[Given information]

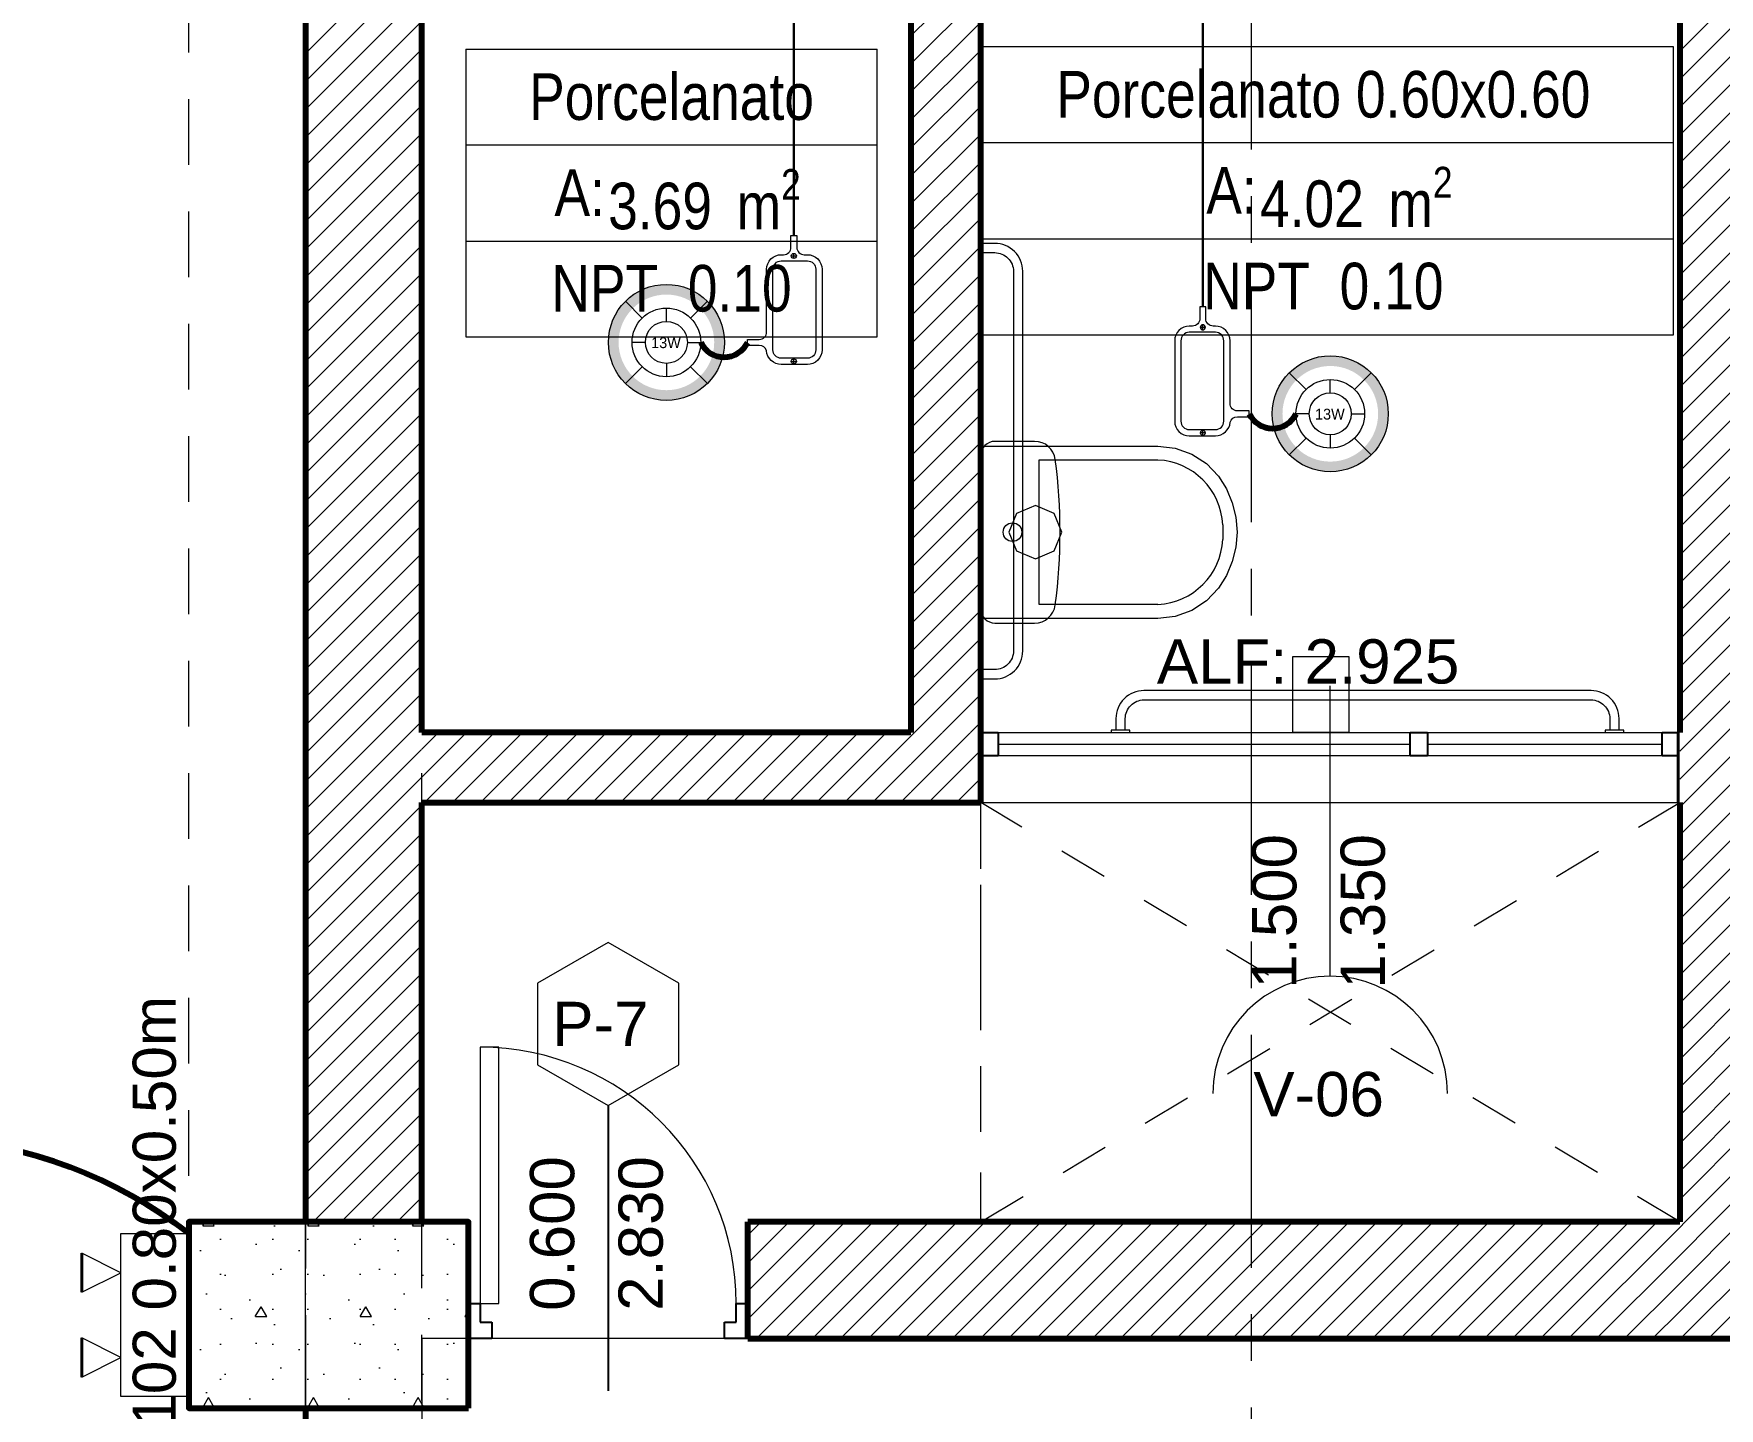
# Model space of a CAD drawing. Header units: inches. Extents: x -38 to 5698, y -33 to 92.
# Drawn here: x 43.737 to 47.355, y 11.3 to 14.25 of the extents above; entities that cross this region are included whole.
import ezdxf
from ezdxf.lldxf.tags import DXFTag

# ---------------------------------------------------------------- set-up
doc = ezdxf.new("R2010")
doc.units = ezdxf.units.IN
doc.header["$MEASUREMENT"] = 0
doc.set_wipeout_variables(frame=1)
for name, pattern in [('CONTINUA', [0]), ('Hidden Line', [0.195611, 0.141111, -0.0545]), ('Oculto', [0.15875, 0.105833, -0.052917]), ('Punto & Raya', [0.65, 0.5, -0.075, 0, -0.075]), ('Rayas', [0.282222, 0.141111, -0.141111]), ('Wipeout_Contour', [1, 0, -1])]:
    doc.linetypes.add(name, pattern=pattern)
for name, color, linetype, lineweight in [('00_IE_Luminarias', 6, 'Continuous', 30), ('01 IE LUM LED AD DN570C', 1, 'Continuous', 13), ('ALUMBRADO_CONDUIT', 30, 'CONDUIT1', 30), ('CABLEADO EXT.', 3, 'PVCSUBT', 30), ('pulsador', 4, 'Continuous', 40), ('Simb_Alumbrado', 140, 'CONTINUA', 30)]:
    doc.layers.add(name, color=color, linetype=linetype, lineweight=lineweight)
for name, color, linetype in [('02 _ ARQ _ ALB _ Ejes Generales', 7, 'Continuous'), ('02 _ ARQ _ ZON _ Espacio.3D', 7, 'Continuous'), ('08 _ STR _ EXT _ 06 Columnas', 7, 'Continuous'), ('08 _ STR _ EXT _ 07 Losa Aligerada', 7, 'Continuous'), ('08 _ STR _ EXT _ 09 Vigas', 7, 'Continuous'), ('08 _ STR _ EXT _ 10 Vereda Exterior', 7, 'Continuous'), ('Dibujo 2D - General', 7, 'Continuous'), ('Estructura - 04 MURO', 7, 'Continuous'), ('Interior - Sanitarios', 7, 'Continuous'), ('Marcador - Secciones', 251, 'Continuous'), ('Notas - Etiquetas', 251, 'Continuous')]:
    doc.layers.add(name, color=color, linetype=linetype)
doc.styles.add('Estilo_Generado_4', font='swisse.ttf')
doc.styles.add('Estilo_Generado_9', font='ARIALN.TTF')
doc.styles.add('{18b73a54-fa43-428c-adcb-c1c7bbdf2c84}', font='Simplex.shx')
tags = doc.linetypes.add('CONDUIT', pattern='A,1.5,-0.210535,["con",{18b73a54-fa43-428c-adcb-c1c7bbdf2c84},S=0.2,R=0,X=0,Y=-0.065594],-0.702384', length=2.412919).pattern_tags.tags
tags[6] = DXFTag(74, 10)
tags = doc.linetypes.add('CONDUIT1', pattern='A,1,-0.19772,["con",{18b73a54-fa43-428c-adcb-c1c7bbdf2c84},S=0.2,R=0,X=0,Y=-0.065594],-0.593642', length=1.791362).pattern_tags.tags
tags[6] = DXFTag(74, 10)
tags = doc.linetypes.add('PVCSUBT', pattern='A,0.6,-0.3,0.6,-0.075691,["PVC",Standard,S=0.2,R=0,X=0,Y=-0.093724],-0.621005', length=2.196696).pattern_tags.tags
tags[10] = DXFTag(74, 10)
pattern_1 = [(45, (0, 0), (-0.030052038, 0.030052038), [])]

# ---------------------------------------------------------------- blocks, each defined once
blk = doc.blocks.new('CAJA OVAL TIPO L')
at = {"layer": 'Simb_Alumbrado', "lineweight": 13}
blk.add_lwpolyline([(-0.0491, -0.079), (-0.0491, -0.0343, -0.380413), (-0.0258, -0.0088), (-0.0258, -0.0088, 0.341426), (-0.0164, 0.0033), (-0.0164, 0.0236), (-0.0063, 0.0236), (-0.0063, 0.0033, 0.414214), (0.0063, -0.0092), (0.1138, -0.0092, -0.414214), (0.1388, -0.0343), (0.1388, -0.0382, 0.414214), (0.1513, -0.0508), (0.1716, -0.0508), (0.1716, -0.0609), (0.1513, -0.0609, 0.414214), (0.1388, -0.0734), (0.1388, -0.079, -0.414214), (0.1138, -0.104), (-0.0241, -0.104, -0.414214), (-0.0491, -0.079, 0.414214)], format="xyb", dxfattribs=at)
blk.add_lwpolyline([(-0.0241, -0.0199), (0.1138, -0.0199, -0.414214), (0.1282, -0.0343), (0.1282, -0.079, -0.414214), (0.1138, -0.0934), (-0.0241, -0.0934, -0.414214), (-0.0384, -0.079), (-0.0384, -0.0343, -0.414214)], format="xyb", close=True, dxfattribs=at)
for points in [[(-0.0483, -0.0558), (-0.0395, -0.0558)], [(-0.0439, -0.0514), (-0.0439, -0.0602)], [(0.1323, -0.0558), (0.1411, -0.0558)], [(0.1367, -0.0514), (0.1367, -0.0602)]]:
    blk.add_lwpolyline(points, dxfattribs=at)
for centre in [(-0.0439, -0.0558), (0.1367, -0.0558)]:
    blk.add_circle(centre, 0.00438, dxfattribs=at)
blk = doc.blocks.new('LUM DN570C')
at = {"layer": '01 IE LUM LED AD DN570C'}
h = blk.add_hatch(color=256, dxfattribs=at)
edge = h.paths.add_edge_path()
edge.add_arc((0, 0), 0.1344, 0, 360)
edge = h.paths.add_edge_path(flags=17)
edge.add_arc((0, 0), 0.1108, 0, 360)
for p, q in [((-0.0561, 0.0563), (-0.0949, 0.0952)), ((0.0561, 0.0563), (0.0949, 0.0952)), ((-0.0561, -0.0563), (-0.0949, -0.0952)), ((0.0561, -0.0563), (0.0949, -0.0952))]:
    blk.add_line(p, q, dxfattribs=at)
at = {"layer": '01 IE LUM LED AD DN570C', "ltscale": 0.4}
for p, q in [((0, 0.0487), (0, 0.0795)), ((-0.0487, 0), (-0.0795, 0)), ((0.0487, 0), (0.0795, 0)), ((0, -0.0487), (0, -0.0795))]:
    blk.add_line(p, q, dxfattribs=at)
at = {"layer": '01 IE LUM LED AD DN570C'}
for radius in [0.1344, 0.0795]:
    blk.add_circle((0, 0), radius, dxfattribs=at)
at = {"layer": '01 IE LUM LED AD DN570C', "ltscale": 0.4}
blk.add_circle((0, 0), 0.0487, dxfattribs=at)
at = {"color": 1, "linetype": 'ByBlock', "lineweight": 80, "insert": (-0.0353, 0.0117), "char_height": 0.025, "width": 0.622217, "attachment_point": 1}
blk.add_mtext('13W ', dxfattribs=at)
blk = doc.blocks.new('luz de emergencia')
at = {"color": 5, "lineweight": 40}
for p, q in [((164.1493, 48.9365, -0.0001), (164.2333, 48.9365, -0.0001)), ((164.3313, 48.9365, -0.0001), (164.4153, 48.9365, -0.0001))]:
    blk.add_line(p, q, dxfattribs=at)
at = {"layer": '00_IE_Luminarias', "color": 5, "linetype": 'Continuous', "lineweight": 13}
for p, q in [((164.1913, 49.0205, -0.0001), (164.1493, 48.9365, -0.0001)), ((164.2333, 48.9365, -0.0001), (164.1913, 49.0205, -0.0001)), ((164.3733, 49.0205, -0.0001), (164.3313, 48.9365, -0.0001)), ((164.4153, 48.9365, -0.0001), (164.3733, 49.0205, -0.0001))]:
    blk.add_line(p, q, dxfattribs=at)
at = {"layer": '00_IE_Luminarias', "color": 5, "linetype": 'Continuous', "lineweight": 13, "elevation": -0.0001}
blk.add_lwpolyline([(164.4573, 49.0205), (164.1073, 49.0205), (164.1073, 49.1666), (164.4573, 49.1665)], close=True, dxfattribs=at)

msp = doc.modelspace()

# ---------------------------------------------------------------- hatches: boundary and pattern name
at = {"layer": '08 _ STR _ EXT _ 10 Vereda Exterior', "linetype": 'Continuous', "lineweight": 13}
h = msp.add_hatch(dxfattribs=at)
h.set_pattern_fill('RETÍCULA_100X100_0002', color=251, style=0, pattern_type=2)
h.set_pattern_definition([(360, (3.7574, 18.3027), (0, 2.53199), []), (90, (3.7574, 18.3027), (-3.6, 0), [])])
h.paths.add_polyline_path([(2.17, 3.6213), (4.2913, 1.5), (9.32, 1.5), (9.32, 6.5), (40.52, 6.5), (40.52, 1.5), (52.92, 1.5), (52.92, 19.0859), (51.57, 19.0859), (51.57, 7.2), (9.07, 7.2), (9.07, 7.85), (6.5201, 7.85, -0.414214), (6.2701, 8.1), (6.2701, 8.85, -0.414213), (6.5201, 9.1), (9.07, 9.1), (9.07, 12), (6.5201, 12, -0.414214), (6.2701, 12.25), (6.2701, 13, -0.414213), (6.5201, 13.25), (9.07, 13.25), (9.07, 16.15), (6.5201, 16.15, -0.414214), (6.2701, 16.4), (6.2701, 17.15, -0.414213), (6.5201, 17.4), (8.77, 17.4), (8.7706, 21.0499), (2.17, 21.0499)])

# ---------------------------------------------------------------- linework, layer by layer
at = {"layer": '02 _ ARQ _ ZON _ Espacio.3D', "color": 252, "linetype": 'Continuous', "lineweight": 13}
for p, q in [((47.2566, 14.222), (45.7537, 14.222)), ((45.7537, 14.222), (45.7537, 13.6043)), ((47.2566, 13.6043), (47.2566, 14.222)), ((44.6643, 14.2173), (44.6643, 13.5996)), ((44.6643, 14.2173), (45.5477, 14.2173)), ((45.5477, 13.5996), (45.5477, 14.2173)), ((45.5477, 14.0114), (44.6643, 14.0114)), ((47.2566, 14.0161), (45.7537, 14.0161)), ((44.6643, 13.8055), (45.5477, 13.8055)), ((45.7537, 13.8102), (47.2566, 13.8102)), ((45.7537, 13.6043), (47.2566, 13.6043)), ((44.6643, 13.5996), (45.5477, 13.5996))]:
    msp.add_line(p, q, dxfattribs=at)
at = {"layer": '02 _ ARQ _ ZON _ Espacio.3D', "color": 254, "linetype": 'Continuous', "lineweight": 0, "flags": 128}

[/Given information]

"radius" is the word to look for; copy every line of the data that has it.

for radius in [0.1344, 0.0795]:
    blk.add_circle((0, 0), radius, dxfattribs=at)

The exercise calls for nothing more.